**What to produce:**
Reproduce exactly the line with "Sum4/1 -> Integrator7/1, Mux2/3" and the lines after it. Stop at the last line of the data and include nothing else.

**Supplied records:**
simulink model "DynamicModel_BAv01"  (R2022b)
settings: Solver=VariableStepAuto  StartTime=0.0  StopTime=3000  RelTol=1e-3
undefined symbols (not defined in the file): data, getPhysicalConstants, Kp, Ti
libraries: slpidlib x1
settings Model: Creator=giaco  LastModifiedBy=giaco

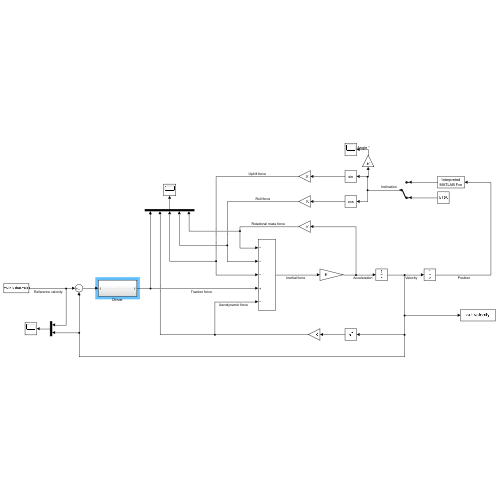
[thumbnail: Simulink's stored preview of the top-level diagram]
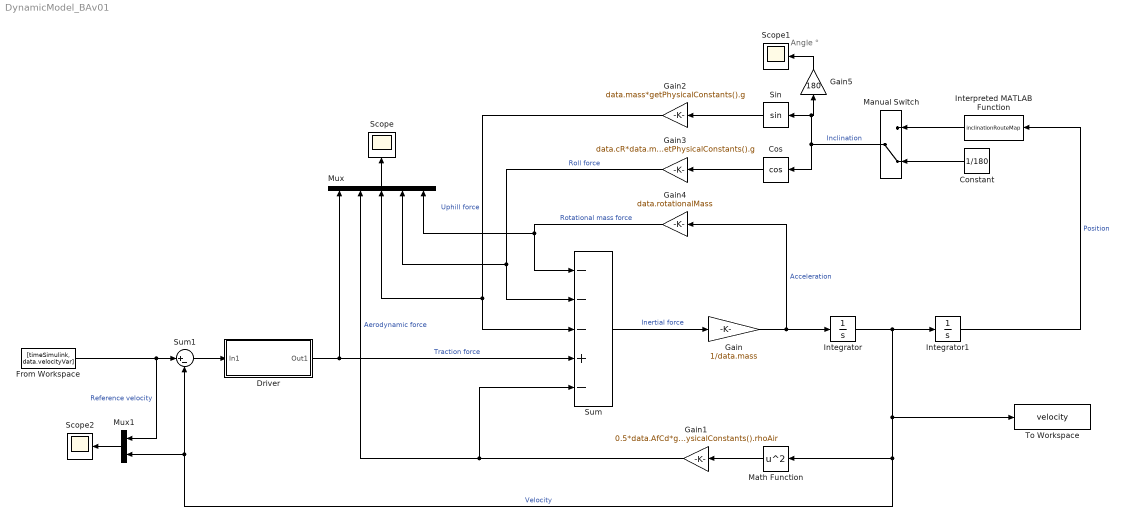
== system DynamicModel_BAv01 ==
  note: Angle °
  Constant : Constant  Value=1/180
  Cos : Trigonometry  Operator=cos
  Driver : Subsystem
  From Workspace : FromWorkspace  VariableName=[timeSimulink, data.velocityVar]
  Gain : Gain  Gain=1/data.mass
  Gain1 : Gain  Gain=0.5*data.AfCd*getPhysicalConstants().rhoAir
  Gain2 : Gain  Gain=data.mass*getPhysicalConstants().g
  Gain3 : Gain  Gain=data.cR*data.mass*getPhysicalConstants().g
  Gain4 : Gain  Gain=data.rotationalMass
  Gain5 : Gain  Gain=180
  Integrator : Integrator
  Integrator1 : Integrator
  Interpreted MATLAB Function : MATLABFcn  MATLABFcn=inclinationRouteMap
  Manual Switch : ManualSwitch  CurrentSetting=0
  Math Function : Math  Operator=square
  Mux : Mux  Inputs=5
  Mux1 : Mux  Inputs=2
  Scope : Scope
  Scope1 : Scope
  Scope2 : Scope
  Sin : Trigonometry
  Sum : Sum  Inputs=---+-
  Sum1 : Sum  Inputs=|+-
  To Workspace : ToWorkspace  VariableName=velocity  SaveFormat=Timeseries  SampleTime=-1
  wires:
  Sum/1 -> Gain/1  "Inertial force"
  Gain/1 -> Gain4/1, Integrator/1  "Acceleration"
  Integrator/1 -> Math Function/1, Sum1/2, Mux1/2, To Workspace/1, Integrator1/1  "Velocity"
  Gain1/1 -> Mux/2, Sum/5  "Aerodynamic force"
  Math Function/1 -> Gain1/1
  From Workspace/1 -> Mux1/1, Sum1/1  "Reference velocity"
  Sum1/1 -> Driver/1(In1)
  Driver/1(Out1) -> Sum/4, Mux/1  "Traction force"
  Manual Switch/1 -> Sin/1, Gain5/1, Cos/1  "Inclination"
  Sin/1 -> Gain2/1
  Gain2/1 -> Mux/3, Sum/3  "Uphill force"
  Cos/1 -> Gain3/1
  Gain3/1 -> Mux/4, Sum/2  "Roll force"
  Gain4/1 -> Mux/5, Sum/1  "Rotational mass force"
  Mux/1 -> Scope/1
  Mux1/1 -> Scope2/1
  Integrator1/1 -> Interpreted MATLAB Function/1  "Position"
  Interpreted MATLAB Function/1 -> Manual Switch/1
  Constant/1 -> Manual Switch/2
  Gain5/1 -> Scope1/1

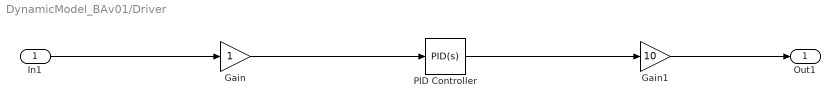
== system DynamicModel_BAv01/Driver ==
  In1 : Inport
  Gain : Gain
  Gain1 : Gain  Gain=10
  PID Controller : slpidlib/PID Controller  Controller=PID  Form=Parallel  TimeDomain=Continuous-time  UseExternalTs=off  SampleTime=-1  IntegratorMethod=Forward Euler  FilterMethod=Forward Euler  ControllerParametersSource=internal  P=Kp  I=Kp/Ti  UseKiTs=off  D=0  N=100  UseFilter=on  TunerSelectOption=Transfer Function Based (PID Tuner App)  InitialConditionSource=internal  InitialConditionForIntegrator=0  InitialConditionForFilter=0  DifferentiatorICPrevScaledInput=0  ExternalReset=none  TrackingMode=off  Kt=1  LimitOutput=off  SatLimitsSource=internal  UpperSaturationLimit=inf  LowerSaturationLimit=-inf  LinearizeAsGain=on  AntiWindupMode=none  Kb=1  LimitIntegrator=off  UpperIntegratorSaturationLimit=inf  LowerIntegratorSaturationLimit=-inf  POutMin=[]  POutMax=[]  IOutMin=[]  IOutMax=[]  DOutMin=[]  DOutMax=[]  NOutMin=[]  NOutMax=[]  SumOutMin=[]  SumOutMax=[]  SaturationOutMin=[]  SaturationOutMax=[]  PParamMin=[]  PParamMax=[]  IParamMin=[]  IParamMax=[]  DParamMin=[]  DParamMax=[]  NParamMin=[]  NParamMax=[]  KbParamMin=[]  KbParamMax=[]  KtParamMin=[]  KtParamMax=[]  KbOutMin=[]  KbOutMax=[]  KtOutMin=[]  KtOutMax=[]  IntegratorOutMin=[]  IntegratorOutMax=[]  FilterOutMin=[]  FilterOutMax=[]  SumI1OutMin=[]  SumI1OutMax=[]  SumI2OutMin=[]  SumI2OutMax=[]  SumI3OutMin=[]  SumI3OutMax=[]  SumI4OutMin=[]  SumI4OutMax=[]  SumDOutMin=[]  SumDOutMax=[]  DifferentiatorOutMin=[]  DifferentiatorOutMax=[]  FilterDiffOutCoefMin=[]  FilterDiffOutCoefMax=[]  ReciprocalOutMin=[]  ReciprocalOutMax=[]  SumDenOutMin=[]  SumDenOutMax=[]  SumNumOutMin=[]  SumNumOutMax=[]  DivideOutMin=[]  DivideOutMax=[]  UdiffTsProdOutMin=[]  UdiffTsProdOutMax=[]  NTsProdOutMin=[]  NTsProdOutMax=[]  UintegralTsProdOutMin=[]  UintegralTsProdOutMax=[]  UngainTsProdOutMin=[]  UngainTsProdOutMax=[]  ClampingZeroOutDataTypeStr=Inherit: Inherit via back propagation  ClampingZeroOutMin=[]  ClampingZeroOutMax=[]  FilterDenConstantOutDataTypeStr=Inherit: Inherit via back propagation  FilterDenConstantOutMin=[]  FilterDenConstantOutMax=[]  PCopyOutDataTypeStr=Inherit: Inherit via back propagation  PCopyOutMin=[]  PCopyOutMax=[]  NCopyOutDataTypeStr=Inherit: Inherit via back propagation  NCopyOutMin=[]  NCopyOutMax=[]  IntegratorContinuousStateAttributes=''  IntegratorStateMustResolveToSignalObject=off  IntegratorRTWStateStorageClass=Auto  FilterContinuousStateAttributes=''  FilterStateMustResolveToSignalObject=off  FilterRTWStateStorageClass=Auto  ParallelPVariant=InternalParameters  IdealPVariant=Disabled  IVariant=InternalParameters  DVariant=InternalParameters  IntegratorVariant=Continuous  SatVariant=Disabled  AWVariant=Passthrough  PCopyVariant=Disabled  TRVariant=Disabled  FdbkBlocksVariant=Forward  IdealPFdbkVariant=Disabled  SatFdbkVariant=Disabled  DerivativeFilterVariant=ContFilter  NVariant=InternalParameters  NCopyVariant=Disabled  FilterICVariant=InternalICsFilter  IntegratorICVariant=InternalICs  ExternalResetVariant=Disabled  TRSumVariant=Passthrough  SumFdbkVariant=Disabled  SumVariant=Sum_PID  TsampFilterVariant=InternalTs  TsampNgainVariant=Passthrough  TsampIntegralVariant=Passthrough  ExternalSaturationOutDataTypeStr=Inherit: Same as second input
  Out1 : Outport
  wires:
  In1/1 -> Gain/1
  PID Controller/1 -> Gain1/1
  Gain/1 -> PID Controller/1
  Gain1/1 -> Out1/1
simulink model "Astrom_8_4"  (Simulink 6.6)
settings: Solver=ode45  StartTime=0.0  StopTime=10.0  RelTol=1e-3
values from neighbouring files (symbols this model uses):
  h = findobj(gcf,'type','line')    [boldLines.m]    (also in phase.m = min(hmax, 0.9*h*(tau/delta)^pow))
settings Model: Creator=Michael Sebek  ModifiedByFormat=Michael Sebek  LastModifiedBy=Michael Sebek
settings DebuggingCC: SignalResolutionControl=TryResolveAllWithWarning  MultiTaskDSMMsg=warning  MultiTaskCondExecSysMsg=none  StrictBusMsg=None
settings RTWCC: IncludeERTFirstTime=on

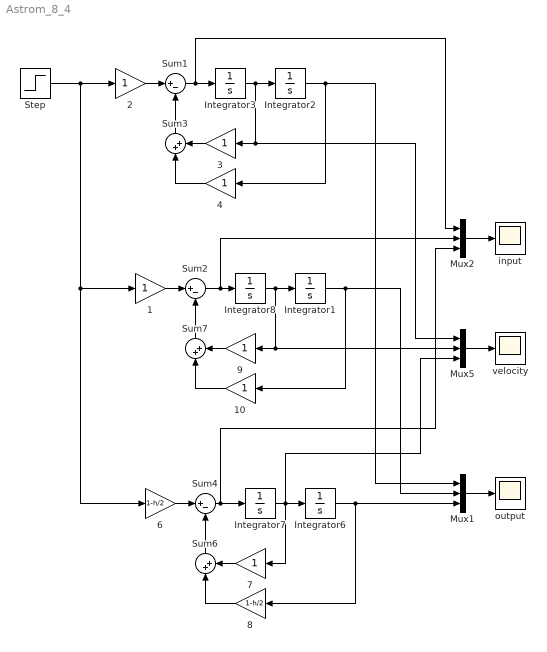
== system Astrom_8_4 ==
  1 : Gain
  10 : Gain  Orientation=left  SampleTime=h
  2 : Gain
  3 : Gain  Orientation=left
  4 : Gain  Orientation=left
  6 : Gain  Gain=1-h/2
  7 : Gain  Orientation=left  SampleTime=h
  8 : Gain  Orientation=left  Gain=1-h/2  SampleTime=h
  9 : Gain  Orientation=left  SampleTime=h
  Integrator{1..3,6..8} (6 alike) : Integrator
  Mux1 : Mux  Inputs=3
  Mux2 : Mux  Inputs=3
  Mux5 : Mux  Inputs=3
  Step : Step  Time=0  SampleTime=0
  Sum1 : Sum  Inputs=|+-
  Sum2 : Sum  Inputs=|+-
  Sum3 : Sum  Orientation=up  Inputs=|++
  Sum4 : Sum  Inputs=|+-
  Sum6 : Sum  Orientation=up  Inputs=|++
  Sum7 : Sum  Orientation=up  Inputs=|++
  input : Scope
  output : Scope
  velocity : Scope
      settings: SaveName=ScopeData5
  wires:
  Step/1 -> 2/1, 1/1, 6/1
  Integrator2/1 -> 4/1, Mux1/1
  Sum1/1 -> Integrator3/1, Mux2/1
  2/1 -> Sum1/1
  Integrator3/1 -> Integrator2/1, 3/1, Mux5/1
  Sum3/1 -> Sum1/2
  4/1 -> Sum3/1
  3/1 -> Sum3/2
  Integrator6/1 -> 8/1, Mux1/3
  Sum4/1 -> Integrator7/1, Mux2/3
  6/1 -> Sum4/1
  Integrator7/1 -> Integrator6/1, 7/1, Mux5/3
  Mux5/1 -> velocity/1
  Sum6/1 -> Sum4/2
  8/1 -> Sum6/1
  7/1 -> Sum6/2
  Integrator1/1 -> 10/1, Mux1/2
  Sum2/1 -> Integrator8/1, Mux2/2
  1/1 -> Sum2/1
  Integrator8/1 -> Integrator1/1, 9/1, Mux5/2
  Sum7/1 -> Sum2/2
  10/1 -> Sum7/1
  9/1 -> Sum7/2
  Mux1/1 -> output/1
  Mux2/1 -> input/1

**Output for this exercise:**
  Sum4/1 -> Integrator7/1, Mux2/3
  6/1 -> Sum4/1
  Integrator7/1 -> Integrator6/1, 7/1, Mux5/3
  Mux5/1 -> velocity/1
  Sum6/1 -> Sum4/2
  8/1 -> Sum6/1
  7/1 -> Sum6/2
  Integrator1/1 -> 10/1, Mux1/2
  Sum2/1 -> Integrator8/1, Mux2/2
  1/1 -> Sum2/1
  Integrator8/1 -> Integrator1/1, 9/1, Mux5/2
  Sum7/1 -> Sum2/2
  10/1 -> Sum7/1
  9/1 -> Sum7/2
  Mux1/1 -> output/1
  Mux2/1 -> input/1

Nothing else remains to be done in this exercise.